| What the task asks |
Give the count of lines in the records that contain the string "ezdxf", and write nothing but that number.

/---

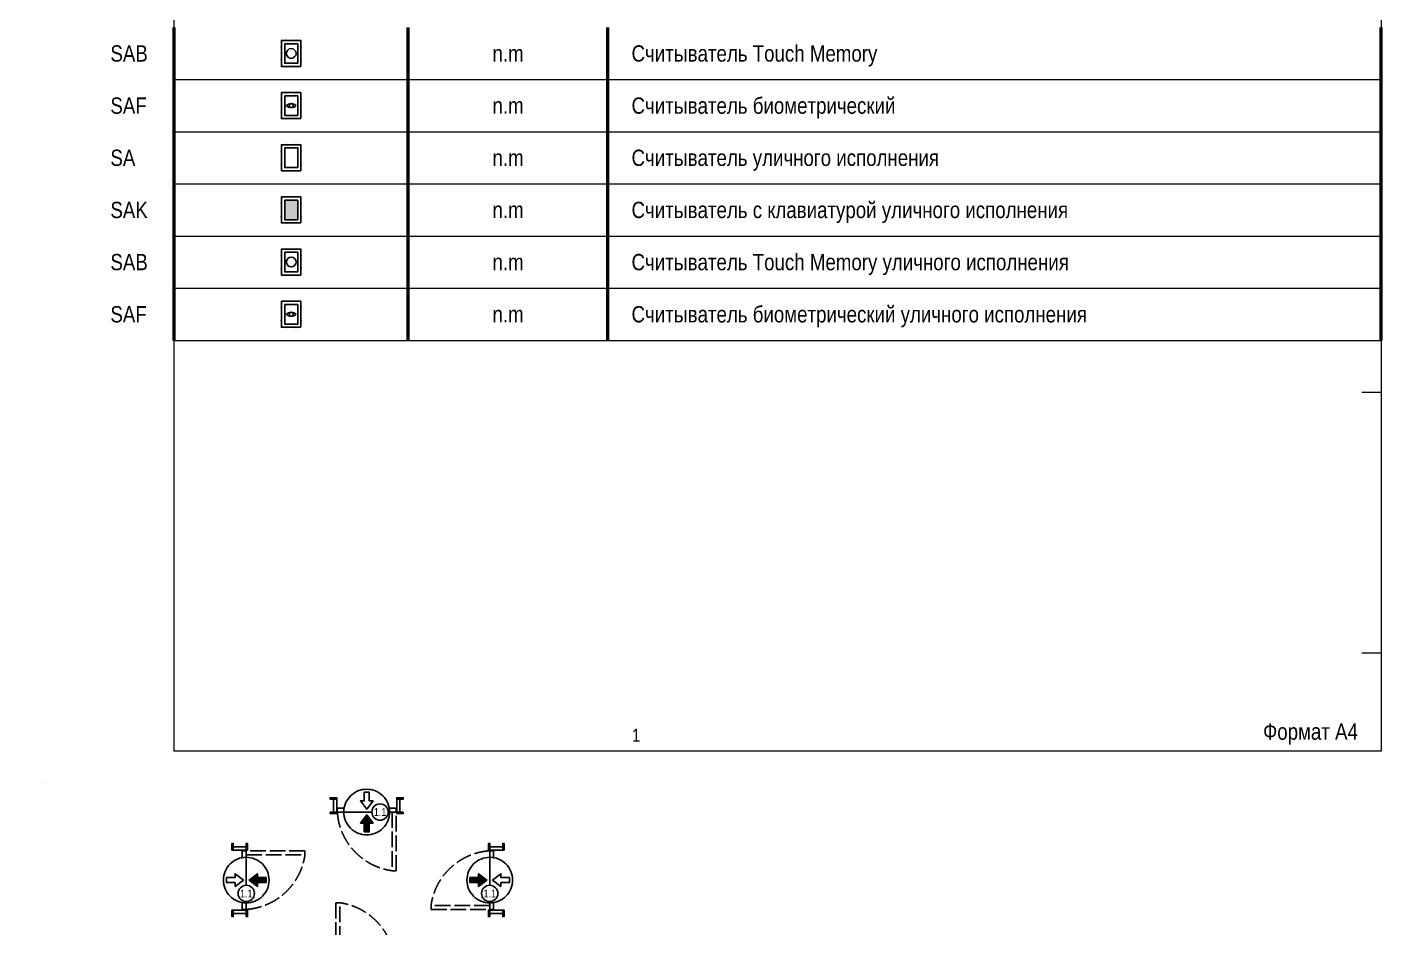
# Model space of a CAD drawing. Header units: millimetres. Extents: x -21000 to 351902, y -261781 to 19312.
# Drawn here: x 62750 to 83750, y -31908 to -18100 of the extents above; entities that cross this region are included whole.
import ezdxf
from ezdxf.enums import TextEntityAlignment as Align

# ---------------------------------------------------------------- set-up
doc = ezdxf.new("R2010")
doc.units = ezdxf.units.MM
doc.header["$MEASUREMENT"] = 0
doc.set_wipeout_variables(frame=1)
doc.linetypes.add('КАБЧЭ', pattern=[15, 12, -3])
for name, color, linetype in [('_АТ-Имя', 7, 'Continuous'), ('_АТ-Спецификация', 7, 'Continuous'), ('_БЛ-Заливка', 7, 'Continuous'), ('_БЛ-Маска', 250, 'Continuous'), ('_БЛ-Рамки', 7, 'Continuous'), ('_КД', 84, 'Continuous')]:
    doc.layers.add(name, color=color, linetype=linetype)
for name, color, linetype, plot in [('_АТ-КД-Тип ТД', 250, 'Continuous', False), ('_АТ-Примечания', 250, 'Continuous', False), ('NOPRINT', 50, 'Continuous', False)]:
    doc.layers.add(name, color=color, linetype=linetype, plot=plot)
doc.layers.add('_БЛ-Таблицы рамки', color=7, linetype='Continuous', lineweight=0)
doc.styles.add('Arial_Narrow_shtamp', font='ARIALN.TTF')
doc.styles.add('ArialN-2.5', font='ARIALN.TTF', dxfattribs={"height": 2.5})
doc.styles.add('ArialN-250', font='ARIALN.TTF', dxfattribs={"height": 250})
doc.styles.add('AT-Шрифт', font='ARIALN.TTF', dxfattribs={"height": 250})

# ---------------------------------------------------------------- blocks, each defined once
blk = doc.blocks.new('*U2')
at = {"layer": 'NOPRINT', "lineweight": 0}
for points in [[(0, 297), (0, 297), (0, 297), (0, 297)], [(210, 297), (210, 297), (210, 297), (210, 297)], [(20, 292), (205, 292), (205, 5), (20, 5)], [(0, 0), (0, 0), (0, 0), (0, 0)], [(210, 0), (210, 0), (210, 0), (210, 0)]]:
    blk.add_lwpolyline(points, close=True, dxfattribs=at)
for points in [[(205, 60), (202, 60)], [(205, 20), (202, 20)]]:
    blk.add_lwpolyline(points, dxfattribs=at)
at = {"layer": 'NOPRINT', "lineweight": 0, "insert": (194.15, 7.61), "char_height": 2.5, "attachment_point": 5, "style": 'Arial_Narrow_shtamp'}
blk.add_mtext_dynamic_manual_height_columns('Формат А4', width=23.585, gutter_width=12.5, heights=[0], dxfattribs=at)
at = {"layer": 'NOPRINT', "color": 1, "lineweight": 0, "style": 'Arial_Narrow_shtamp'}
blk.add_attdef('N_LISTA', text='', height=2, dxfattribs=at).set_placement((90.17, 7.42), align=Align.MIDDLE_LEFT)
blk = doc.blocks.new('*U5')
at = {"layer": '_БЛ-Таблицы рамки', "lineweight": 50}
for points in [[(0, -8), (0, 0)], [(35.87, -8), (35.87, 0)], [(66.47, -8), (66.47, 0)], [(185, -8), (185, 0)]]:
    blk.add_lwpolyline(points, dxfattribs=at)
at = {"layer": '_БЛ-Таблицы рамки', "lineweight": 0}
for points in [[(0, -8), (35.87, -8)], [(35.87, -8), (66.47, -8)], [(66.47, -8), (185, -8)]]:
    blk.add_lwpolyline(points, dxfattribs=at)
at = {"ltscale": 100, "style": 'ArialN-2.5'}
blk.add_attdef('СОКРАЩЕНИЕ_УГО', text='', height=2.5, dxfattribs=at).set_placement((51.17, -4), align=Align.MIDDLE_CENTER)
blk.add_attdef('НАИМЕНОВАНИЕ_УГО', text='', height=2.5, dxfattribs=at).set_placement((70.09, -4), align=Align.MIDDLE_LEFT)
blk = doc.blocks.new('СЧТ')
blk.add_wipeout([(-1.5, 2), (1.5, 2), (1.5, -2), (-1.5, -2)]).dxf.layer = '_БЛ-Маска'
at = {"color": 0, "linetype": 'ByBlock', "lineweight": -2, "ltscale": 100}
blk.add_lwpolyline([(-1, 1.5), (1, 1.5), (1, -1.5), (-1, -1.5)], close=True, dxfattribs=at)
at = {"ltscale": 100}
blk.add_circle((0, 0), 0.75, dxfattribs=at)
at = {"color": 0, "linetype": 'ByBlock', "lineweight": -2, "ltscale": 100}
for p in [(-1.5, 1), (-0.75, 2), (0.75, 2), (1.5, 1), (-1.5, -1), (-0.75, -2), (0.75, -2), (1.5, -1)]:
    blk.add_point(p, dxfattribs=at)
at = {"layer": '_БЛ-Маска', "color": 0, "linetype": 'ByBlock', "lineweight": -2, "ltscale": 100}
blk.add_lwpolyline([(1.5, -2), (-1.5, -2), (-1.5, 2), (1.5, 2)], close=True, dxfattribs=at)
at = {"layer": '_АТ-Имя', "ltscale": 100, "style": 'AT-Шрифт'}
blk.add_attdef('NUMBER', text='', height=2, dxfattribs=at).set_placement((0, 2), align=Align.BOTTOM_CENTER)
at = {"layer": '_АТ-Примечания', "ltscale": 100, "style": 'AT-Шрифт', "flags": 1}
for tag, p in [('ABBREVIATION', (-1.5, -1.5)), ('COMMENT1', (-1.5, -1.96)), ('COMMENT2', (-1.5, -2.42)), ('COMMENT3', (-1.5, -2.88))]:
    blk.add_attdef(tag, p, '', height=0.25, dxfattribs=at)
at = {"layer": '_АТ-Спецификация', "ltscale": 100, "style": 'AT-Шрифт', "flags": 1}
for tag, p in [('NUM', (-1.5, 2)), ('CODE', (-1.5, 0.5)), ('DESCRIPTION', (-1.5, 1.5)), ('NAME', (-1.5, 1)), ('MADEBY', (-1.5, 0)), ('POSITION', (-1.5, -0.5)), ('POSITION2', (-1.5, -1))]:
    blk.add_attdef(tag, p, '', height=0.25, dxfattribs=at)
blk = doc.blocks.new('СЧБ')
blk.add_wipeout([(-1.5, 2), (1.5, 2), (1.5, -2), (-1.5, -2)]).dxf.layer = '_БЛ-Маска'
at = {"color": 0, "linetype": 'ByBlock', "lineweight": -2, "ltscale": 100}
blk.add_lwpolyline([(-1, 1.5), (1, 1.5), (1, -1.5), (-1, -1.5)], close=True, dxfattribs=at)
at = {"color": 7}
blk.add_circle((0, 0), 0.3, dxfattribs=at)
for centre, start, end in [((0, -0.79), 46.4535, 133.5465), ((0, 0.79), 226.4535, 313.5465)]:
    blk.add_arc(centre, 1.09, start, end, dxfattribs=at)
at = {"color": 0, "linetype": 'ByBlock', "lineweight": -2, "ltscale": 100}
for p in [(-1.5, 1), (-0.75, 2), (0.75, 2), (1.5, 1), (-1.5, -1), (-0.75, -2), (0.75, -2), (1.5, -1)]:
    blk.add_point(p, dxfattribs=at)
at = {"layer": '_БЛ-Маска', "color": 0, "linetype": 'ByBlock', "lineweight": -2, "ltscale": 100}
blk.add_lwpolyline([(1.5, -2), (-1.5, -2), (-1.5, 2), (1.5, 2)], close=True, dxfattribs=at)
at = {"layer": '_АТ-Имя', "ltscale": 100, "style": 'AT-Шрифт'}
blk.add_attdef('NUMBER', text='', height=2, dxfattribs=at).set_placement((0, 2), align=Align.BOTTOM_CENTER)
at = {"layer": '_АТ-Примечания', "ltscale": 100, "style": 'AT-Шрифт', "flags": 1}
for tag, p in [('ABBREVIATION', (-1.5, -1.5)), ('COMMENT1', (-1.5, -1.96)), ('COMMENT2', (-1.5, -2.42)), ('COMMENT3', (-1.5, -2.88))]:
    blk.add_attdef(tag, p, '', height=0.25, dxfattribs=at)
at = {"layer": '_АТ-Спецификация', "ltscale": 100, "style": 'AT-Шрифт', "flags": 1}
for tag, p in [('NUM', (-1.5, 2)), ('CODE', (-1.5, 0.5)), ('DESCRIPTION', (-1.5, 1.5)), ('NAME', (-1.5, 1)), ('MADEBY', (-1.5, 0)), ('POSITION', (-1.5, -0.5)), ('POSITION2', (-1.5, -1))]:
    blk.add_attdef(tag, p, '', height=0.25, dxfattribs=at)
blk = doc.blocks.new('СЧу')
at = {"color": 174, "linetype": 'ByBlock', "lineweight": -2, "ltscale": 100}
for p in [(-1.5, 1), (-0.75, 2), (0.75, 2), (1.5, 1), (-1.5, -1), (-0.75, -2), (0.75, -2), (1.5, -1)]:
    blk.add_point(p, dxfattribs=at)
blk.add_wipeout([(-1.5, 2), (1.5, 2), (1.5, -2), (-1.5, -2)]).dxf.layer = '_БЛ-Маска'
at = {"color": 0, "linetype": 'ByBlock', "lineweight": -2, "ltscale": 100}
blk.add_lwpolyline([(-1, 1.5), (1, 1.5), (1, -1.5), (-1, -1.5)], close=True, dxfattribs=at)
at = {"layer": '_БЛ-Маска', "color": 174, "linetype": 'ByBlock', "lineweight": -2, "ltscale": 100}
blk.add_lwpolyline([(1.5, -2), (-1.5, -2), (-1.5, 2), (1.5, 2)], close=True, dxfattribs=at)
at = {"layer": '_АТ-Имя', "ltscale": 100, "style": 'AT-Шрифт'}
blk.add_attdef('NUMBER', text='', height=2, dxfattribs=at).set_placement((0, 2), align=Align.BOTTOM_CENTER)
at = {"layer": '_АТ-Примечания', "ltscale": 100, "style": 'AT-Шрифт', "flags": 1}
for tag, p in [('ABBREVIATION', (-1.5, -1.5)), ('COMMENT1', (-1.5, -1.96)), ('COMMENT2', (-1.5, -2.42)), ('COMMENT3', (-1.5, -2.88))]:
    blk.add_attdef(tag, p, '', height=0.25, dxfattribs=at)
at = {"layer": '_АТ-Спецификация', "ltscale": 100, "style": 'AT-Шрифт', "flags": 1}
for tag, p in [('NUM', (-1.5, 2)), ('CODE', (-1.5, 0.5)), ('DESCRIPTION', (-1.5, 1.5)), ('NAME', (-1.5, 1)), ('MADEBY', (-1.5, 0)), ('POSITION', (-1.5, -0.5)), ('POSITION2', (-1.5, -1))]:
    blk.add_attdef(tag, p, '', height=0.25, dxfattribs=at)
blk = doc.blocks.new('СЧКу')
at = {"color": 174, "linetype": 'ByBlock', "lineweight": -2, "ltscale": 100}
for p in [(-1.5, 1), (-0.75, 2), (0.75, 2), (1.5, 1), (-1.5, -1), (-0.75, -2), (0.75, -2), (1.5, -1)]:
    blk.add_point(p, dxfattribs=at)
blk.add_wipeout([(-1.5, 2), (1.5, 2), (1.5, -2), (-1.5, -2)]).dxf.layer = '_БЛ-Маска'
at = {"layer": '_БЛ-Заливка'}
h = blk.add_hatch(color=84, dxfattribs=at)
h.dxf.hatch_style = 1
h.paths.add_polyline_path([(1, 1.5), (-1, 1.5), (-1, -1.5), (1, -1.5)])
at = {"color": 0, "linetype": 'ByBlock', "lineweight": -2, "ltscale": 100}
blk.add_lwpolyline([(-1, 1.5), (1, 1.5), (1, -1.5), (-1, -1.5)], close=True, dxfattribs=at)
at = {"layer": '_БЛ-Маска', "color": 174, "linetype": 'ByBlock', "lineweight": -2, "ltscale": 100}
blk.add_lwpolyline([(1.5, -2), (-1.5, -2), (-1.5, 2), (1.5, 2)], close=True, dxfattribs=at)
at = {"layer": '_АТ-Имя', "ltscale": 100, "style": 'AT-Шрифт'}
blk.add_attdef('NUMBER', text='', height=2, dxfattribs=at).set_placement((0, 2), align=Align.BOTTOM_CENTER)
at = {"layer": '_АТ-Примечания', "ltscale": 100, "style": 'AT-Шрифт', "flags": 1}
for tag, p in [('ABBREVIATION', (-1.5, -1.5)), ('COMMENT1', (-1.5, -1.96)), ('COMMENT2', (-1.5, -2.42)), ('COMMENT3', (-1.5, -2.88))]:
    blk.add_attdef(tag, p, '', height=0.25, dxfattribs=at)
at = {"layer": '_АТ-Спецификация', "ltscale": 100, "style": 'AT-Шрифт', "flags": 1}
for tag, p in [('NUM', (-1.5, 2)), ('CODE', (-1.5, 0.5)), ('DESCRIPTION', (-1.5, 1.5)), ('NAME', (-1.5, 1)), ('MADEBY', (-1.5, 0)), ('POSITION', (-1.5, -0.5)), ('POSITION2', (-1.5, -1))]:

\---

| Answer to this task |
4